Industrial accelerator applications require efficient, scalable, continuous wave (CW) microwave power systems. Magnetrons are inexpensive and efficient devices for converting electrical energy into microwave power; however, their power output is limited to approximately 100 kW. Cost effective power combining magnetron systems would serve the accelerator industry by providing practical and affordable RF power to accelerator applications. In a magic tee configuration, two oscillators can be power combined and locked to a common frequency. Researchers at General Atomics, in collaboration with Thomas Jefferson National Accelerator Facility, have constructed an experiment to demonstrate the power combining of magnetrons in a such a configuration. An analytic model is presented describing the power combining efficiency of a 4-port magic tee, accounting for two magnetron output signals, an injection signal, and a reactive load. The Adler-Chen model is solved numerically using robust computational geometry techniques*. These complete solutions provide insight to the phenomena of magnetron frequency locking and optimal combining efficiency, which are compared to experiment.

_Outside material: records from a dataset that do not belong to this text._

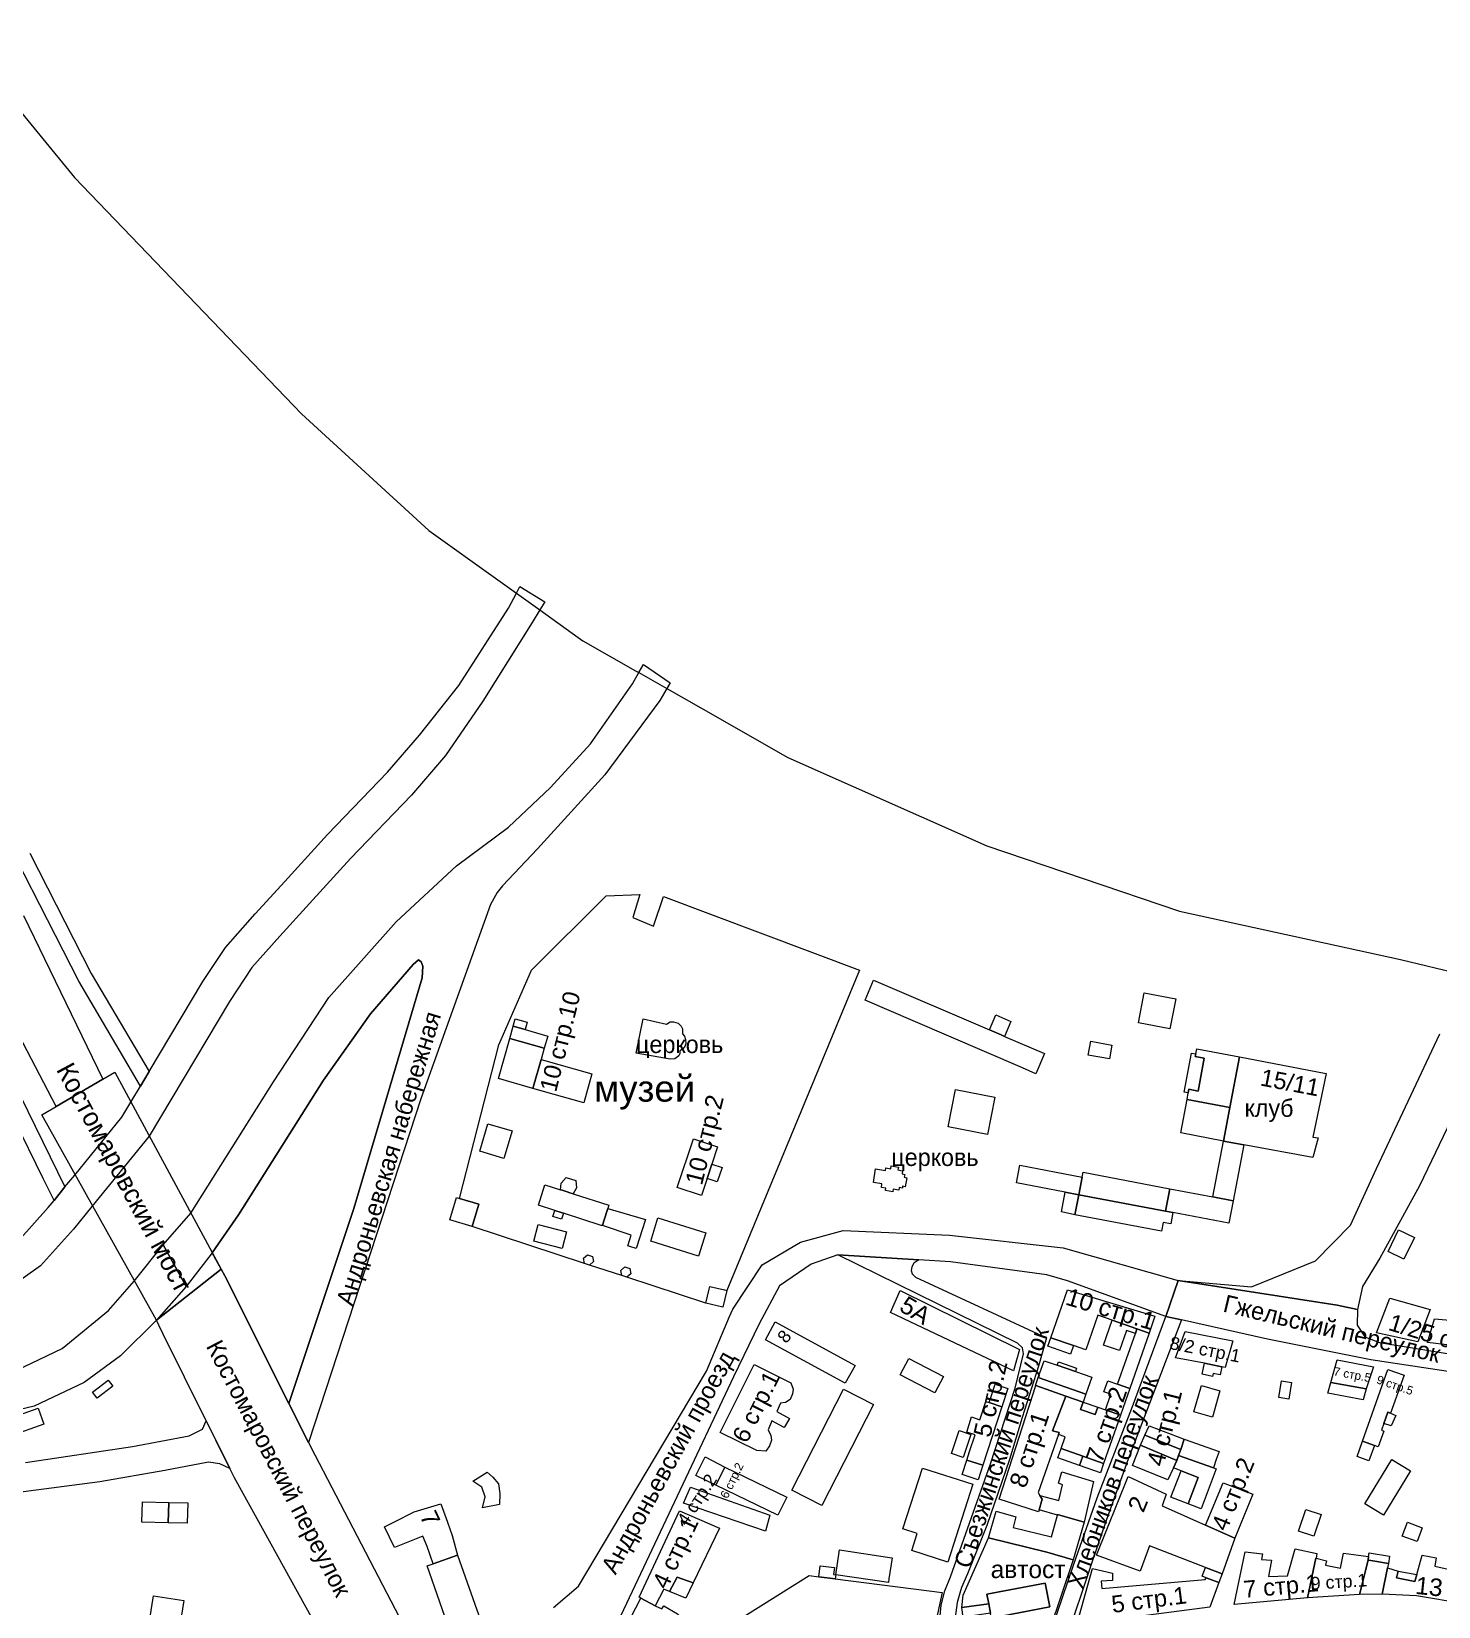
# Model space of a CAD drawing. Header units: metres. Extents: x 9999 to 15101, y 6965 to 11034.
# Drawn here: x 10581 to 11160, y 8936 to 9585 of the extents above; entities that cross this region are included whole.
import ezdxf
from ezdxf.enums import TextEntityAlignment as Align

# ---------------------------------------------------------------- set-up
doc = ezdxf.new("R2010")
doc.units = ezdxf.units.M
doc.header["$MEASUREMENT"] = 0
for name, color, linetype, lineweight in [('Слой 11', 7, 'Continuous', 0), ('Слой 14', 7, 'Continuous', 0), ('Слой 19', 7, 'Continuous', 0), ('Слой 25', 7, 'Continuous', 0), ('Слой 29', 7, 'Continuous', 0), ('Слой 3', 7, 'Continuous', 0), ('Слой 4', 7, 'Continuous', 0), ('Слой 41', 7, 'Continuous', 0), ('Слой 42', 7, 'Continuous', 0), ('Слой 43', 7, 'Continuous', 0), ('Слой 47', 7, 'Continuous', 0), ('Слой 53', 7, 'Continuous', 0), ('Слой 8', 7, 'Continuous', 0), ('Слой 9', 7, 'Continuous', 0)]:
    doc.layers.add(name, color=color, linetype=linetype, lineweight=lineweight)
doc.styles.add('Style-arial', font='arial.shx')
doc.styles.add('Style-bm431', font='bm431.shx')
doc.styles.add('Style-p131', font='p131.shx')

msp = doc.modelspace()

# ---------------------------------------------------------------- linework, layer by layer
at = {"layer": 'Слой 11', "color": 8, "linetype": 'Continuous', "lineweight": 0, "flags": 128}
msp.add_lwpolyline([(10921.6, 9198.08), (10867, 9066.25), (10865.38, 9059.3), (10858.3, 9060.95), (10825.82, 9071.65), (10823.76, 9072.33), (10810.43, 9076.7), (10808.37, 9077.38), (10762.12, 9092.63), (10764.84, 9101.73), (10756.96, 9104.09), (10773.12, 9167.36), (10786.56, 9198.08), (10817.28, 9228.8), (10831.2, 9229.28), (10828.34, 9219.78), (10836.85, 9216.27), (10840.96, 9228.48), (10921.6, 9198.08)], close=True, dxfattribs=at)
at = {"layer": 'Слой 14', "color": 8, "linetype": 'Continuous', "lineweight": 0, "flags": 128}
for points in [[(10963.72, 8935.68), (10964.37, 8940.8), (10974.76, 8964.43), (10998.74, 8958.45), (11009.65, 8955.3), (10999.8, 8926.35), (10977.39, 8923.3), (10977.07, 8924.13), (10975.89, 8931.34), (10999.93, 8935.93), (10998.07, 8945.7), (10974.08, 8941.12), (10974.81, 8937.2), (10963.72, 8935.68)], [(10951.9, 8917.77), (10861.74, 8907.33), (10861.12, 8918.05), (10859.44, 8918.31), (10858.38, 8928.14), (10873.95, 8931.93), (10900.9, 8948.86), (10904.9, 8948.32), (10911.65, 8947.5), (10955.59, 8941.85), (10953.12, 8930.42), (10951.9, 8917.77)]]:
    msp.add_lwpolyline(points, close=True, dxfattribs=at)
at = {"layer": 'Слой 19', "color": 8, "linetype": 'Continuous', "lineweight": 0, "flags": 128}
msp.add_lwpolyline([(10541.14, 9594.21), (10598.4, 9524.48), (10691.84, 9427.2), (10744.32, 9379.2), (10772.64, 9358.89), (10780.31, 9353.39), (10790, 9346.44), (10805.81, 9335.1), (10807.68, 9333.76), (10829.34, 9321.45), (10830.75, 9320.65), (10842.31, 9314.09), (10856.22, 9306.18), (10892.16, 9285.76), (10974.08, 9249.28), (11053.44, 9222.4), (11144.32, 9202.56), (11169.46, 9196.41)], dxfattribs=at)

The magnetron as an efficient RF source for a compact industrial SRF accelerator has been proposed [1]. The performance of injection phase lock on two independent magnetron transmitters operated at 915 MHz, in CW mode with maximum power of 75 kW each has been demonstrated to satisfy for this application [2]. This industrial type magnetron has transformer and SCR rectifier on the DC anode power supply. Output power spectrum with phase locking can achieve noise reduction of -21 dBc at the 1st 60 Hz, -29 dBc at 1st 120 Hz with only -22.6 dBc injection power. Solenoid current increase of 16% can increase the magnetron relative natural frequency by 4e-4. Further solenoid current modulation with feedback control and the 2x75 kW power combining scheme with the WR975 magic-tee are to be further studied. We intend to use one 75 kW power station with InnoSys' switching DC power supplies to drive normal conducting and superconducting RF cavities for an industrial compact linac. We are also going to report on the 4x1.2 kW power combining experiment on the 2450 MHz magnetron system carried out at GA, including the control algorithm with modified magnetron heads with trim-coils and characterized at JLab.